自動車保険の付帯契約や特約ですね。 代車等諸費用特約がない自動車保険に加入し、今回、それでひどい目に遭いました。 ・代車等諸費用特約 これがない自動車保険(そもそも設定がない)に加入してしまったために、とんでもない目に遭いました。 この某保険会社↑に加入しているのですが、提携修理工場に入庫すると無料で代車が提供されます。ですがこれが大きな落とし穴で、大失敗でした。 提携先といっても一般の修理業者さんです。事故に遭ってから知ったのですが、ちゃんとしたメーカーの直営店(ディーラー)に持ち込めません。
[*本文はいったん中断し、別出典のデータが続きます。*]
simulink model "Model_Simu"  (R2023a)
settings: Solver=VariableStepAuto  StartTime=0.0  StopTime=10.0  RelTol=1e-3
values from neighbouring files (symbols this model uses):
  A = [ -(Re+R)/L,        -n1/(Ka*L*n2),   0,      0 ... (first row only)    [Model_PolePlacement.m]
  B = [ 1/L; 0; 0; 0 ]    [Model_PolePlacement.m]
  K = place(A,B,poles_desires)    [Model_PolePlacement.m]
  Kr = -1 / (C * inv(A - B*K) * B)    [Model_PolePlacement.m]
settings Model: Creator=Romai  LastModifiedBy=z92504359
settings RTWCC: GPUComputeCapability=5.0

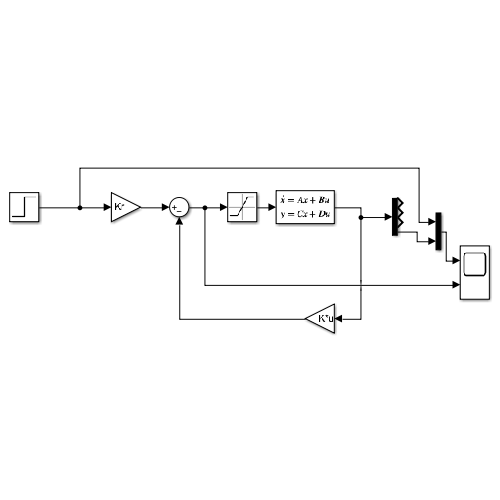
[thumbnail: Simulink's stored preview of the top-level diagram]
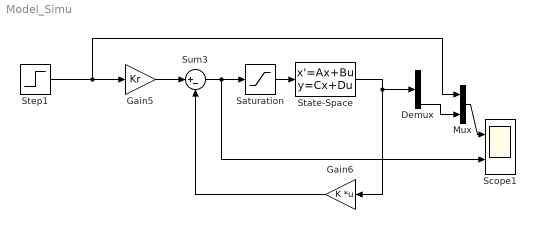
== system Model_Simu ==
  Demux : Demux
  Gain5 : Gain  Gain=Kr
  Gain6 : Gain  Gain=K  Multiplication=Matrix(K*u)
  Mux : Mux  Inputs=2
  Saturation : Saturate  UpperLimit=420  LowerLimit=-420
  Scope1 : Scope  NumInputPorts=2
  State-Space : StateSpace  A=A  B=B  C=eye(4)  D=zeros(4,1)  InitialCondition=0
  Step1 : Step  Time=0  After=10  SampleTime=0
  Sum3 : Sum  Inputs=|+-
  wires:
  State-Space/1 -> Demux/1, Gain6/1
  Gain5/1 -> Sum3/1
  Gain6/1 -> Sum3/2
  Step1/1 -> Mux/1, Gain5/1
  Sum3/1 -> Saturation/1, Scope1/2
  Demux/4 -> Mux/2
  Mux/1 -> Scope1/1
  Saturation/1 -> State-Space/1

修理業者さんは当初私たちに、「この車 本当に修理して乗りますか? 全損になりそうですよ」と、修理しないように勧められました。 で、「修理前提でないと、代車は貸せませんよ。そうなれば事故車は、早く引き取ってもらわないと困ります」と言われました。家内も私も事故でフラフラ・ヘトヘトになっている時に、この一言です。まいりました。 仕方なく至急レンタカーを探し、1か月契約で手配しました。事故車両も、引き取り先を見つけ早急に引き取るようにしました。 ところが、当初修理工場から聞いていた修理代金の見積と保険会社のアジャスターの見積が大きく違っているのです。修理しないことが確定した段階で、いい加減な査定をされました。へしゃげたエンジンフードを開けもせずに査定です。 私は自動車整備士であり検査員でもあるので、車の構造は殆ど理解できています。査定結果を見て、見積がいかにいい加減かよくわかりました。エンジンは故障し、回転数が上がりません。室内のフロントパネルが事故の衝撃で盛り上がっているのに、見積に計上されず「経年劣化」で片づけられました。 今回の気づきは、事故に遭った場合の特約や付帯契約の大切さです。殆どの保険で特約・付帯契約などは選択できるようになっていますが、年間数千円程度の保険料です。 事故に遭ったら、やはり正規のディーラーに修理をお願いしたいところです。車がない期間、レンタカーがないと生活が成り立たなくなる場合が多いです。我が家の場合は、両親の介護と家内の送迎に車は欠かせません。 いくら提携修理工場なら代車は無料といっても、提携修理先に対して保険会社から代車料は出ないと聞きました。彼らも生活がありますし、ここはちゃんとした代車とロードサービスがある保険会社と契約すべきだったと反省しています。 今回、全ての失敗が、この代車等諸費用特約 を付帯した自動車保険に加入しなかったことに起因します。 加入しておくべき特約や付帯契約 ・弁護士費用特約: 相手に損害賠償を請求するときに弁護士費用を補償してもらえます。ちなみに、逆に賠償請求されたときの弁護士費用をカバーする保険は、別途加入が必要です ・ロードサービス: 車が大破した時やレッカー移動が必要な故障時に、レッカーで車を保管先まで搬送したり移動してくれたりする特約です。事故や故障などの時、宿泊費用まで保証してくれるサービスもあります。 ・代車等諸費用特約: 代車費用や移動費用・引き取り費用などロードサービスに準じた形で提供されるサービスです。自分が指定する修理先に入庫した場合でも代車が出るかどうかは、要チェックです。 ということで、今回は私の失敗を例に挙げて自動車保険に加入するときの注意点を書かせていただきました。皆様、お気をつけて。
保険の目的というのは、「契約者が被った損害の原状復帰」です。契約者がその目的を達成できない保険・保険者は糾弾されるべきで、契約者もそういった不測の事態に普段から備えておくことは大切だと感じます。
【ここまで2022年12月24日】QUORA以外での無断掲載はご遠慮ください。